**What you are asked to do**: For each line of the data below that holds "radius", copy the line.

**Data for the task**:

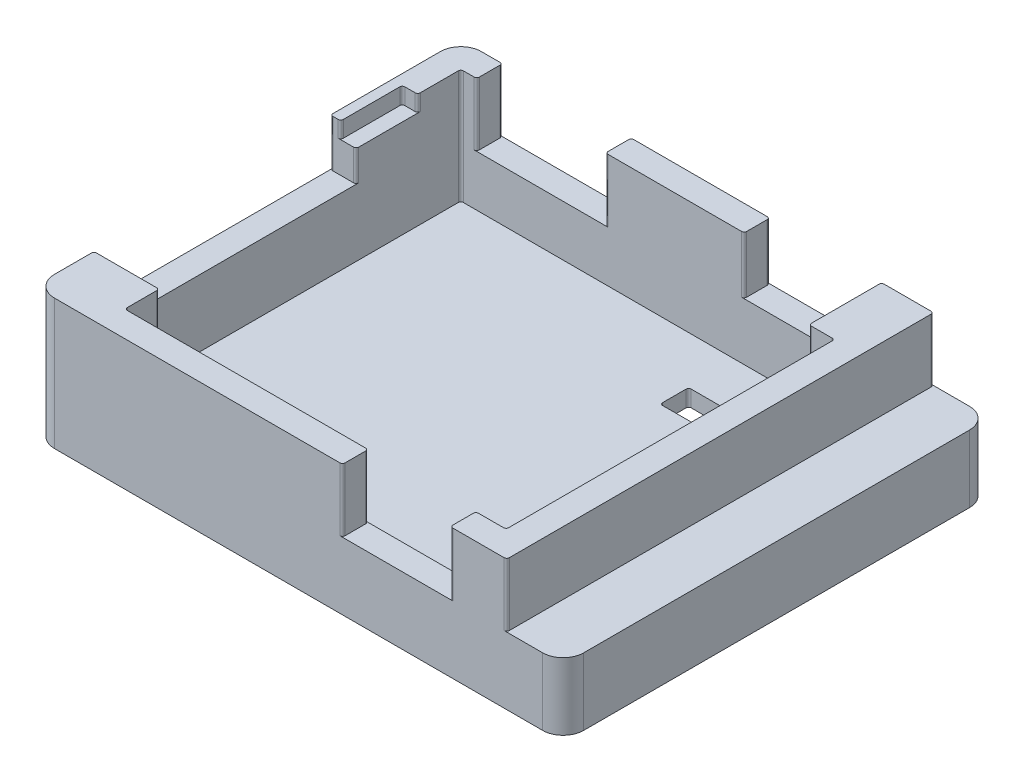
SolidWorks part; units mm, degrees
ref_plane "Front Plane" through (0, 0, 0) normal (0, 0, 1) x (1, 0, 0)
ref_plane "Top Plane" through (0, 0, 0) normal (0, 1, 0) x (1, 0, 0)
ref_plane "Right Plane" through (0, 0, 0) normal (1, 0, 0) x (0, 0, -1)
sketch "Sketch1" plane through (0, 0, 0) normal (0, 1, 0) x (1, 0, 0)
  line L1 (0, 0) -> (103.124, 0)
  line L2 (0, 0) -> (0, 83.185)
  line L3 (0, 83.185) -> (103.124, 83.185)
  line L4 (103.124, 0) -> (103.124, 83.185)
  dimension "D1" = 103.124
  dimension "D2" = 83.185
extrude "Boss-Extrude1" add sketch "Sketch1" along normal blind 25.4
sketch "Sketch2" plane through (0, 25.4, 0) normal (0, 1, 0) x (1, 0, 0)
  line L0 (0, 83.185) -> (0, 0) construction
  line L1 (5, 78.185) -> (82, 78.185)
  line L2 (5, 78.185) -> (5, 11.7)
  line L3 (12.7, 5) -> (87, 5)
  line L4 (87, 69.0118) -> (87, 5)
  line L5 (103.124, 83.185) -> (0, 83.185) construction
  line L6 (0, 0) -> (103.124, 0) construction
  line L7 (5, 11.7) -> (12.7, 11.7)
  line L8 (12.7, 11.7) -> (12.7, 5)
  line L9 (82, 78.185) -> (82, 69.0118)
  line L10 (82, 69.0118) -> (87, 69.0118)
  dimension "D1" = 5
  dimension "D2" = 5
  dimension "D3" = 82
  dimension "D4" = 5
  dimension "D5" = 11.7
  dimension "D6" = 12.7
  dimension "D7" = 77
  dimension "D8" = 14.1732
extrude "Cut-Extrude1" cut sketch "Sketch2" against normal offset from surface (22.225 mm away) 3.175 from surface at 0 up to face at (51.562, 0, -41.5925) starting at face at (51.562, 25.4, -41.5925)
sketch "Sketch3" plane through (0, 25.4, 0) normal (0, 1, 0) x (1, 0, 0)
  line L0 (0, 0) -> (103.124, 0) construction
  line L1 (103.124, 83.185) -> (92.124, 83.185)
  line L2 (103.124, 83.185) -> (103.124, 0)
  line L3 (103.124, 0) -> (92.124, 0)
  line L4 (92.124, 83.185) -> (92.124, 0)
  dimension "D1" = 11
extrude "Cut-Extrude2" cut sketch "Sketch3" against normal blind 12.3
sketch "Sketch4" plane through (0, 0, -83.185) normal (0, 0, -1) x (-1, 0, 0)
  line L0 (-92.124, 25.4) -> (0, 25.4) construction
  line L1 (-82, 25.4) -> (-60.2, 25.4)
  line L2 (-82, 25.4) -> (-82, 14.3)
  line L3 (-82, 14.3) -> (-60.2, 14.3)
  line L4 (-60.2, 25.4) -> (-60.2, 14.3)
  line L6 (0, 25.4) -> (0, 0) construction
  line L7 (-33.2, 25.4) -> (-8.1, 25.4)
  line L8 (-33.2, 25.4) -> (-33.2, 13.1)
  line L9 (-33.2, 13.1) -> (-8.1, 13.1)
  line L10 (-8.1, 25.4) -> (-8.1, 13.1)
  line L11 (-82, 3.175) -> (-82, 25.4) construction
  line L12 (-92.124, 13.1) -> (-92.124, 25.4) construction
  dimension "D1" = 10.124
  dimension "D2" = 21.8
  dimension "D3" = 11.1
  dimension "D4" = 12.3
  dimension "D5" = 27
  dimension "D6" = 8.1
  dimension "D7" = 25.1
extrude "Cut-Extrude3" cut sketch "Sketch4" against normal up to next
sketch "Sketch6" plane through (0, 0, 0) normal (-1, 0, 0) x (0, 0, 1)
  line L0 (-83.185, 25.4) -> (0, 25.4) construction
  line L1 (-11.7, 25.4) -> (-57.785, 25.4)
  line L2 (-11.7, 25.4) -> (-11.7, 16.2)
  line L3 (-11.7, 16.2) -> (-57.785, 16.2)
  line L4 (-57.785, 25.4) -> (-57.785, 16.2)
  line L5 (-83.185, 25.4) -> (-83.185, 0) construction
  line L6 (-11.7, 3.175) -> (-11.7, 25.4) construction
  dimension "D1" = 46.085
  dimension "D2" = 9.2
  dimension "D3" = 25.4
extrude "Cut-Extrude5" cut sketch "Sketch6" against normal blind 5.08
sketch "Sketch7" plane through (0, 25.4, 0) normal (0, 1, 0) x (1, 0, 0)
  line L0 (0, 83.185) -> (0, 57.785) construction
  line L1 (5, 57.785) -> (2, 57.785)
  line L2 (5, 57.785) -> (5, 69.785)
  line L3 (5, 69.785) -> (2, 69.785)
  line L4 (2, 57.785) -> (2, 69.785)
  dimension "D1" = 12
  dimension "D2" = 2
extrude "Cut-Extrude6" cut sketch "Sketch7" against normal blind 3.175
sketch "Sketch8" plane through (0, 0, 0) normal (0, -1, 0) x (1, 0, 0)
  line L1 (58.674, -63.3413) -> (69.7865, -63.3413)
  line L2 (58.674, -63.3413) -> (58.674, -68.8975)
  line L3 (58.674, -68.8975) -> (69.7865, -68.8975)
  line L4 (69.7865, -63.3413) -> (69.7865, -68.8975)
  line L6 (103.124, -83.185) -> (0, -83.185) construction
  line L8 (103.124, 0) -> (103.124, -83.185) construction
  dimension "D1" = 33.3375
  dimension "D2" = 5.5562
  dimension "D3" = 14.2875
  dimension "D4" = 11.1125
extrude "Cut-Extrude7" cut sketch "Sketch8" against normal blind 5.08
fillet "Fillet1" radius 4 4 edges at (103.124, 6.55, -83.185) (103.124, 6.55, 0) (0, 12.7, 0) (0, 12.7, -83.185)
sketch "Sketch9" plane through (0, 0, 0) normal (0, 0, 1) x (1, 0, 0)
  line L0 (4, 25.4) -> (92.124, 25.4) construction
  line L1 (81.124, 25.4) -> (60.124, 25.4)
  line L2 (81.124, 25.4) -> (81.124, 13.1)
  line L3 (81.124, 13.1) -> (60.124, 13.1)
  line L4 (60.124, 25.4) -> (60.124, 13.1)
  line L5 (92.124, 13.1) -> (92.124, 25.4) construction
  dimension "D1" = 11
  dimension "D2" = 21
  dimension "D3" = 12.3
extrude "Cut-Extrude8" cut sketch "Sketch9" against normal up to next
fillet "Fillet2" radius 0.5 31 edges at (5, 9.6875, -11.7) (0, 20.8, -11.7) (12.7, 14.2875, -11.7) (12.7, 14.2875, -5) (60.124, 19.25, -5) (60.124, 19.25, 0) (92.124, 19.25, 0) (81.124, 19.25, 0) (81.124, 19.25, -5) (87, 14.2875, -5) (87, 14.2875, -69.0118) (82, 14.2875, -69.0118) (82, 19.85, -83.185) (92.124, 19.25, -83.185) (60.2, 19.85, -83.185) (60.2, 19.85, -78.185) (33.2, 19.25, -78.185) (33.2, 19.25, -83.185) (8.1, 19.25, -83.185) (8.1, 19.25, -78.185) (5, 14.2875, -78.185) (5, 23.8125, -69.785) (2, 23.8125, -69.785) (5, 19.2125, -57.785) (2, 23.8125, -57.785) (0, 20.8, -57.785) (58.674, 1.5875, -68.8975) (82, 8.7375, -78.185) (69.7865, 1.5875, -68.8975) (69.7865, 1.5875, -63.3413) (58.674, 1.5875, -63.3413)

**Exercise output**:
fillet "Fillet1" radius 4 4 edges at (103.124, 6.55, -83.185) (103.124, 6.55, 0) (0, 12.7, 0) (0, 12.7, -83.185)
fillet "Fillet2" radius 0.5 31 edges at (5, 9.6875, -11.7) (0, 20.8, -11.7) (12.7, 14.2875, -11.7) (12.7, 14.2875, -5) (60.124, 19.25, -5) (60.124, 19.25, 0) (92.124, 19.25, 0) (81.124, 19.25, 0) (81.124, 19.25, -5) (87, 14.2875, -5) (87, 14.2875, -69.0118) (82, 14.2875, -69.0118) (82, 19.85, -83.185) (92.124, 19.25, -83.185) (60.2, 19.85, -83.185) (60.2, 19.85, -78.185) (33.2, 19.25, -78.185) (33.2, 19.25, -83.185) (8.1, 19.25, -83.185) (8.1, 19.25, -78.185) (5, 14.2875, -78.185) (5, 23.8125, -69.785) (2, 23.8125, -69.785) (5, 19.2125, -57.785) (2, 23.8125, -57.785) (0, 20.8, -57.785) (58.674, 1.5875, -68.8975) (82, 8.7375, -78.185) (69.7865, 1.5875, -68.8975) (69.7865, 1.5875, -63.3413) (58.674, 1.5875, -63.3413)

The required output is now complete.